Author: Rhiannon Mclean

  • Eating Disorder Awareness Week

    This week starts of something that could have taken my life,

    Yet here I am to tell my story.

    12 years ago I developed an eating disorder and although 2026 is the first year I can say I have been fully recovered theres been lots of ups and downs throughout my journey.

    I have worked super hard.

    Relapses came alongside recovery- but look at me now!

    Worth the fight!

    And I’m proud of how far I’ve come with plenty more celebrations and milestones to come!

  • Voices

    The voices in my head go around and around,

    Repeating insults and judgements about my actions,

    Making me doubt my worth in this life,

    Am I good enough?

    Have I convinced myself that I actually matter?

    Who am I kidding?!

    How could anyone love me?

    But then there is a whisper…

    Among the screams of negative rumours circling my brain – there is a childs voice;

    Young and innocent,

    It sounds calm and free,

    I try and make out their words,

    As I tune in to the childs’ voice the screams lower their volume, almost like they are losing their power to speak,

    “You know what you need to do, Rhi. You can choose. I’m still here and I’m so proud of you for staying.”

    They were the words I needed.

    I’m staying.

    Without realising, the negative voices were gone. I guess they lost interest in shouting lies at me.

    My inner child’s voice was stronger and that’s all I needed.

    I’m recovering for little Rhi.

    She deserves to live a life of freedom.

  • Like the sun

    I have nearly lost the life inside my body on multiple occasions, yet I feel I’m waiting for the next sign of life beaming like the sun rises and the clouds separate to reveal the brightness.
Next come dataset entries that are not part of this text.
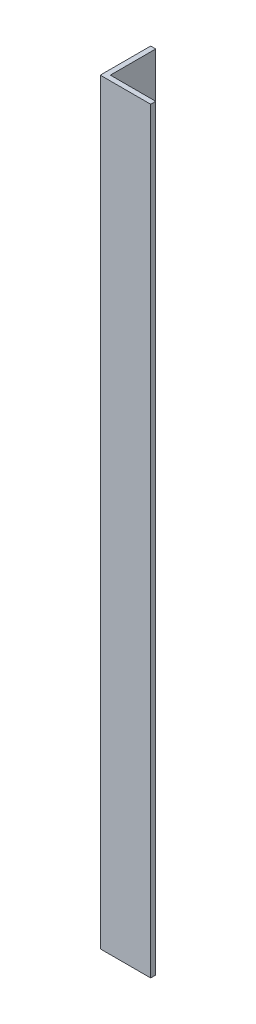
ISO-10303-21;
HEADER;
FILE_DESCRIPTION(('STEP AP214'),'2;1');
FILE_NAME('part.step','',(''),(''),'','','');
FILE_SCHEMA(('AUTOMOTIVE_DESIGN { 1 0 10303 214 1 1 1 1 }'));
ENDSEC;
DATA;
#1=APPLICATION_CONTEXT('core data for automotive mechanical design processes');
#2=APPLICATION_PROTOCOL_DEFINITION('international standard','automotive_design',2000,#1);
#3=PRODUCT_CONTEXT('',#1,'mechanical');
#4=PRODUCT('Part','Part','',(#3));
#5=PRODUCT_RELATED_PRODUCT_CATEGORY('part','',(#4));
#6=PRODUCT_DEFINITION_FORMATION('','',#4);
#7=PRODUCT_DEFINITION_CONTEXT('part definition',#1,'design');
#8=PRODUCT_DEFINITION('design','',#6,#7);
#9=PRODUCT_DEFINITION_SHAPE('','',#8);
#10=(LENGTH_UNIT() NAMED_UNIT(*) SI_UNIT(.MILLI.,.METRE.));
#11=(NAMED_UNIT(*) PLANE_ANGLE_UNIT() SI_UNIT($,.RADIAN.));
#12=(NAMED_UNIT(*) SI_UNIT($,.STERADIAN.) SOLID_ANGLE_UNIT());
#13=UNCERTAINTY_MEASURE_WITH_UNIT(LENGTH_MEASURE(1.E-05),#10,'distance_accuracy_value','');
#14=(GEOMETRIC_REPRESENTATION_CONTEXT(3) GLOBAL_UNCERTAINTY_ASSIGNED_CONTEXT((#13)) GLOBAL_UNIT_ASSIGNED_CONTEXT((#10,
#11,#12)) REPRESENTATION_CONTEXT('',''));
#15=CARTESIAN_POINT('',(0.,0.,0.));
#16=DIRECTION('',(0.,0.,1.));
#17=DIRECTION('',(1.,0.,0.));
#18=AXIS2_PLACEMENT_3D('',#15,#16,#17);
#19=CARTESIAN_POINT('',(0.,600.,0.));
#20=DIRECTION('',(0.,0.,-1.));
#21=DIRECTION('',(-1.,0.,0.));
#22=AXIS2_PLACEMENT_3D('',#19,#20,#21);
#23=PLANE('',#22);
#24=DIRECTION('',(1.,0.,0.));
#25=VECTOR('',#24,1.);
#26=CARTESIAN_POINT('',(0.,0.,0.));
#27=LINE('',#26,#25);
#28=CARTESIAN_POINT('',(0.,0.,0.));
#29=VERTEX_POINT('',#28);
#30=CARTESIAN_POINT('',(40.,0.,0.));
#31=VERTEX_POINT('',#30);
#32=EDGE_CURVE('E116',#29,#31,#27,.T.);
#33=ORIENTED_EDGE('',*,*,#32,.T.);
#34=DIRECTION('',(0.,-1.,0.));
#35=VECTOR('',#34,1.);
#36=CARTESIAN_POINT('',(40.,600.,0.));
#37=LINE('',#36,#35);
#38=CARTESIAN_POINT('',(40.,600.,0.));
#39=VERTEX_POINT('',#38);
#40=EDGE_CURVE('E11',#39,#31,#37,.T.);
#41=ORIENTED_EDGE('',*,*,#40,.F.);
#42=DIRECTION('',(1.,0.,0.));
#43=VECTOR('',#42,1.);
#44=CARTESIAN_POINT('',(0.,600.,0.));
#45=LINE('',#44,#43);
#46=CARTESIAN_POINT('',(0.,600.,0.));
#47=VERTEX_POINT('',#46);
#48=EDGE_CURVE('E81',#47,#39,#45,.T.);
#49=ORIENTED_EDGE('',*,*,#48,.F.);
#50=DIRECTION('',(0.,-1.,0.));
#51=VECTOR('',#50,1.);
#52=CARTESIAN_POINT('',(0.,600.,0.));
#53=LINE('',#52,#51);
#54=EDGE_CURVE('E112',#47,#29,#53,.T.);
#55=ORIENTED_EDGE('',*,*,#54,.T.);
#56=EDGE_LOOP('',(#33,#41,#49,#55));
#57=FACE_BOUND('',#56,.T.);
#58=ADVANCED_FACE('F35',(#57),#23,.F.);
#59=CARTESIAN_POINT('',(40.,600.,-4.));
#60=DIRECTION('',(1.,0.,0.));
#61=DIRECTION('',(0.,0.,-1.));
#62=AXIS2_PLACEMENT_3D('',#59,#60,#61);
#63=PLANE('',#62);
#64=DIRECTION('',(0.,0.,1.));
#65=VECTOR('',#64,1.);
#66=CARTESIAN_POINT('',(40.,0.,-4.));
#67=LINE('',#66,#65);
#68=CARTESIAN_POINT('',(40.,0.,-4.));
#69=VERTEX_POINT('',#68);
#70=EDGE_CURVE('E119',#69,#31,#67,.T.);
#71=ORIENTED_EDGE('',*,*,#70,.F.);
#72=DIRECTION('',(0.,-1.,0.));
#73=VECTOR('',#72,1.);
#74=CARTESIAN_POINT('',(40.,600.,-4.));
#75=LINE('',#74,#73);
#76=CARTESIAN_POINT('',(40.,600.,-4.));
#77=VERTEX_POINT('',#76);
#78=EDGE_CURVE('E43',#77,#69,#75,.T.);
#79=ORIENTED_EDGE('',*,*,#78,.F.);
#80=DIRECTION('',(0.,0.,1.));
#81=VECTOR('',#80,1.);
#82=CARTESIAN_POINT('',(40.,600.,-4.));
#83=LINE('',#82,#81);
#84=EDGE_CURVE('E205',#77,#39,#83,.T.);
#85=ORIENTED_EDGE('',*,*,#84,.T.);
#86=ORIENTED_EDGE('',*,*,#40,.T.);
#87=EDGE_LOOP('',(#71,#79,#85,#86));
#88=FACE_BOUND('',#87,.T.);
#89=ADVANCED_FACE('F137',(#88),#63,.T.);
#90=CARTESIAN_POINT('',(0.,600.,-4.));
#91=DIRECTION('',(0.,0.,-1.));
#92=DIRECTION('',(-1.,0.,0.));
#93=AXIS2_PLACEMENT_3D('',#90,#91,#92);
#94=PLANE('',#93);
#95=DIRECTION('',(1.,0.,0.));
#96=VECTOR('',#95,1.);
#97=CARTESIAN_POINT('',(0.,0.,-4.));
#98=LINE('',#97,#96);
#99=CARTESIAN_POINT('',(4.,0.,-4.));
#100=VERTEX_POINT('',#99);
#101=EDGE_CURVE('E122',#100,#69,#98,.T.);
#102=ORIENTED_EDGE('',*,*,#101,.F.);
#103=DIRECTION('',(0.,-1.,0.));
#104=VECTOR('',#103,1.);
#105=CARTESIAN_POINT('',(4.,600.,-4.));
#106=LINE('',#105,#104);
#107=CARTESIAN_POINT('',(4.,600.,-4.));
#108=VERTEX_POINT('',#107);
#109=EDGE_CURVE('E102',#108,#100,#106,.T.);
#110=ORIENTED_EDGE('',*,*,#109,.F.);
#111=DIRECTION('',(1.,0.,0.));
#112=VECTOR('',#111,1.);
#113=CARTESIAN_POINT('',(0.,600.,-4.));
#114=LINE('',#113,#112);
#115=EDGE_CURVE('E108',#108,#77,#114,.T.);
#116=ORIENTED_EDGE('',*,*,#115,.T.);
#117=ORIENTED_EDGE('',*,*,#78,.T.);
#118=EDGE_LOOP('',(#102,#110,#116,#117));
#119=FACE_BOUND('',#118,.T.);
#120=ADVANCED_FACE('F134',(#119),#94,.T.);
#121=CARTESIAN_POINT('',(4.,600.,-40.));
#122=DIRECTION('',(1.,0.,0.));
#123=DIRECTION('',(0.,0.,-1.));
#124=AXIS2_PLACEMENT_3D('',#121,#122,#123);
#125=PLANE('',#124);
#126=DIRECTION('',(0.,0.,1.));
#127=VECTOR('',#126,1.);
#128=CARTESIAN_POINT('',(4.,0.,-40.));
#129=LINE('',#128,#127);
#130=CARTESIAN_POINT('',(4.,0.,-40.));
#131=VERTEX_POINT('',#130);
#132=EDGE_CURVE('E97',#131,#100,#129,.T.);
#133=ORIENTED_EDGE('',*,*,#132,.F.);
#134=DIRECTION('',(0.,-1.,0.));
#135=VECTOR('',#134,1.);
#136=CARTESIAN_POINT('',(4.,600.,-40.));
#137=LINE('',#136,#135);
#138=CARTESIAN_POINT('',(4.,600.,-40.));
#139=VERTEX_POINT('',#138);
#140=EDGE_CURVE('E92',#139,#131,#137,.T.);
#141=ORIENTED_EDGE('',*,*,#140,.F.);
#142=DIRECTION('',(0.,0.,1.));
#143=VECTOR('',#142,1.);
#144=CARTESIAN_POINT('',(4.,600.,-40.));
#145=LINE('',#144,#143);
#146=EDGE_CURVE('E95',#139,#108,#145,.T.);
#147=ORIENTED_EDGE('',*,*,#146,.T.);
#148=ORIENTED_EDGE('',*,*,#109,.T.);
#149=EDGE_LOOP('',(#133,#141,#147,#148));
#150=FACE_BOUND('',#149,.T.);
#151=ADVANCED_FACE('F94',(#150),#125,.T.);
#152=CARTESIAN_POINT('',(0.,600.,-40.));
#153=DIRECTION('',(0.,0.,-1.));
#154=DIRECTION('',(-1.,0.,0.));
#155=AXIS2_PLACEMENT_3D('',#152,#153,#154);
#156=PLANE('',#155);
#157=DIRECTION('',(1.,0.,0.));
#158=VECTOR('',#157,1.);
#159=CARTESIAN_POINT('',(0.,0.,-40.));
#160=LINE('',#159,#158);
#161=CARTESIAN_POINT('',(0.,0.,-40.));
#162=VERTEX_POINT('',#161);
#163=EDGE_CURVE('E126',#162,#131,#160,.T.);
#164=ORIENTED_EDGE('',*,*,#163,.F.);
#165=DIRECTION('',(0.,-1.,0.));
#166=VECTOR('',#165,1.);
#167=CARTESIAN_POINT('',(0.,600.,-40.));
#168=LINE('',#167,#166);
#169=CARTESIAN_POINT('',(0.,600.,-40.));
#170=VERTEX_POINT('',#169);
#171=EDGE_CURVE('E72',#170,#162,#168,.T.);
#172=ORIENTED_EDGE('',*,*,#171,.F.);
#173=DIRECTION('',(1.,0.,0.));
#174=VECTOR('',#173,1.);
#175=CARTESIAN_POINT('',(0.,600.,-40.));
#176=LINE('',#175,#174);
#177=EDGE_CURVE('E106',#170,#139,#176,.T.);
#178=ORIENTED_EDGE('',*,*,#177,.T.);
#179=ORIENTED_EDGE('',*,*,#140,.T.);
#180=EDGE_LOOP('',(#164,#172,#178,#179));
#181=FACE_BOUND('',#180,.T.);
#182=ADVANCED_FACE('F110',(#181),#156,.T.);
#183=CARTESIAN_POINT('',(0.,600.,-40.));
#184=DIRECTION('',(1.,0.,0.));
#185=DIRECTION('',(0.,0.,-1.));
#186=AXIS2_PLACEMENT_3D('',#183,#184,#185);
#187=PLANE('',#186);
#188=DIRECTION('',(0.,0.,1.));
#189=VECTOR('',#188,1.);
#190=CARTESIAN_POINT('',(0.,0.,-40.));
#191=LINE('',#190,#189);
#192=EDGE_CURVE('E75',#162,#29,#191,.T.);
#193=ORIENTED_EDGE('',*,*,#192,.T.);
#194=ORIENTED_EDGE('',*,*,#54,.F.);
#195=DIRECTION('',(0.,0.,1.));
#196=VECTOR('',#195,1.);
#197=CARTESIAN_POINT('',(0.,600.,-40.));
#198=LINE('',#197,#196);
#199=EDGE_CURVE('E51',#170,#47,#198,.T.);
#200=ORIENTED_EDGE('',*,*,#199,.F.);
#201=ORIENTED_EDGE('',*,*,#171,.T.);
#202=EDGE_LOOP('',(#193,#194,#200,#201));
#203=FACE_BOUND('',#202,.T.);
#204=ADVANCED_FACE('F142',(#203),#187,.F.);
#205=CARTESIAN_POINT('',(0.,600.,0.));
#206=DIRECTION('',(0.,-1.,0.));
#207=DIRECTION('',(-1.,0.,0.));
#208=AXIS2_PLACEMENT_3D('',#205,#206,#207);
#209=PLANE('',#208);
#210=ORIENTED_EDGE('',*,*,#48,.T.);
#211=ORIENTED_EDGE('',*,*,#84,.F.);
#212=ORIENTED_EDGE('',*,*,#115,.F.);
#213=ORIENTED_EDGE('',*,*,#146,.F.);
#214=ORIENTED_EDGE('',*,*,#177,.F.);
#215=ORIENTED_EDGE('',*,*,#199,.T.);
#216=EDGE_LOOP('',(#210,#211,#212,#213,#214,#215));
#217=FACE_BOUND('',#216,.T.);
#218=ADVANCED_FACE('F105',(#217),#209,.F.);
#219=CARTESIAN_POINT('',(0.,0.,0.));
#220=DIRECTION('',(0.,-1.,0.));
#221=DIRECTION('',(-1.,0.,0.));
#222=AXIS2_PLACEMENT_3D('',#219,#220,#221);
#223=PLANE('',#222);
#224=ORIENTED_EDGE('',*,*,#32,.F.);
#225=ORIENTED_EDGE('',*,*,#192,.F.);
#226=ORIENTED_EDGE('',*,*,#163,.T.);
#227=ORIENTED_EDGE('',*,*,#132,.T.);
#228=ORIENTED_EDGE('',*,*,#101,.T.);
#229=ORIENTED_EDGE('',*,*,#70,.T.);
#230=EDGE_LOOP('',(#224,#225,#226,#227,#228,#229));
#231=FACE_BOUND('',#230,.T.);
#232=ADVANCED_FACE('F140',(#231),#223,.T.);
#233=CLOSED_SHELL('',(#58,#89,#120,#151,#182,#204,#218,#232));
#234=MANIFOLD_SOLID_BREP('B2',#233);
#235=ADVANCED_BREP_SHAPE_REPRESENTATION('',(#18,#234),#14);
#236=SHAPE_DEFINITION_REPRESENTATION(#9,#235);
ENDSEC;
END-ISO-10303-21;

    I can only imagine my smile beaming like that strong glow.

    The day will come.

    Until then, I’ll deal with the fog. The unknown. The moments that, although I can’t choose to replay over and over for the sake of my own happiness, may be the moments that I can look back on with a heart full of joy and reflect on the journey since.

    Perhaps happiness is in the moments that can be looked upon and a genuine feeling of accomplishment felt that make the lifeless, hopeless, burdening days worth it.

  • Anorexia

    My Eating Disorder crept in, slowly then pounced and snatched me from my safe place.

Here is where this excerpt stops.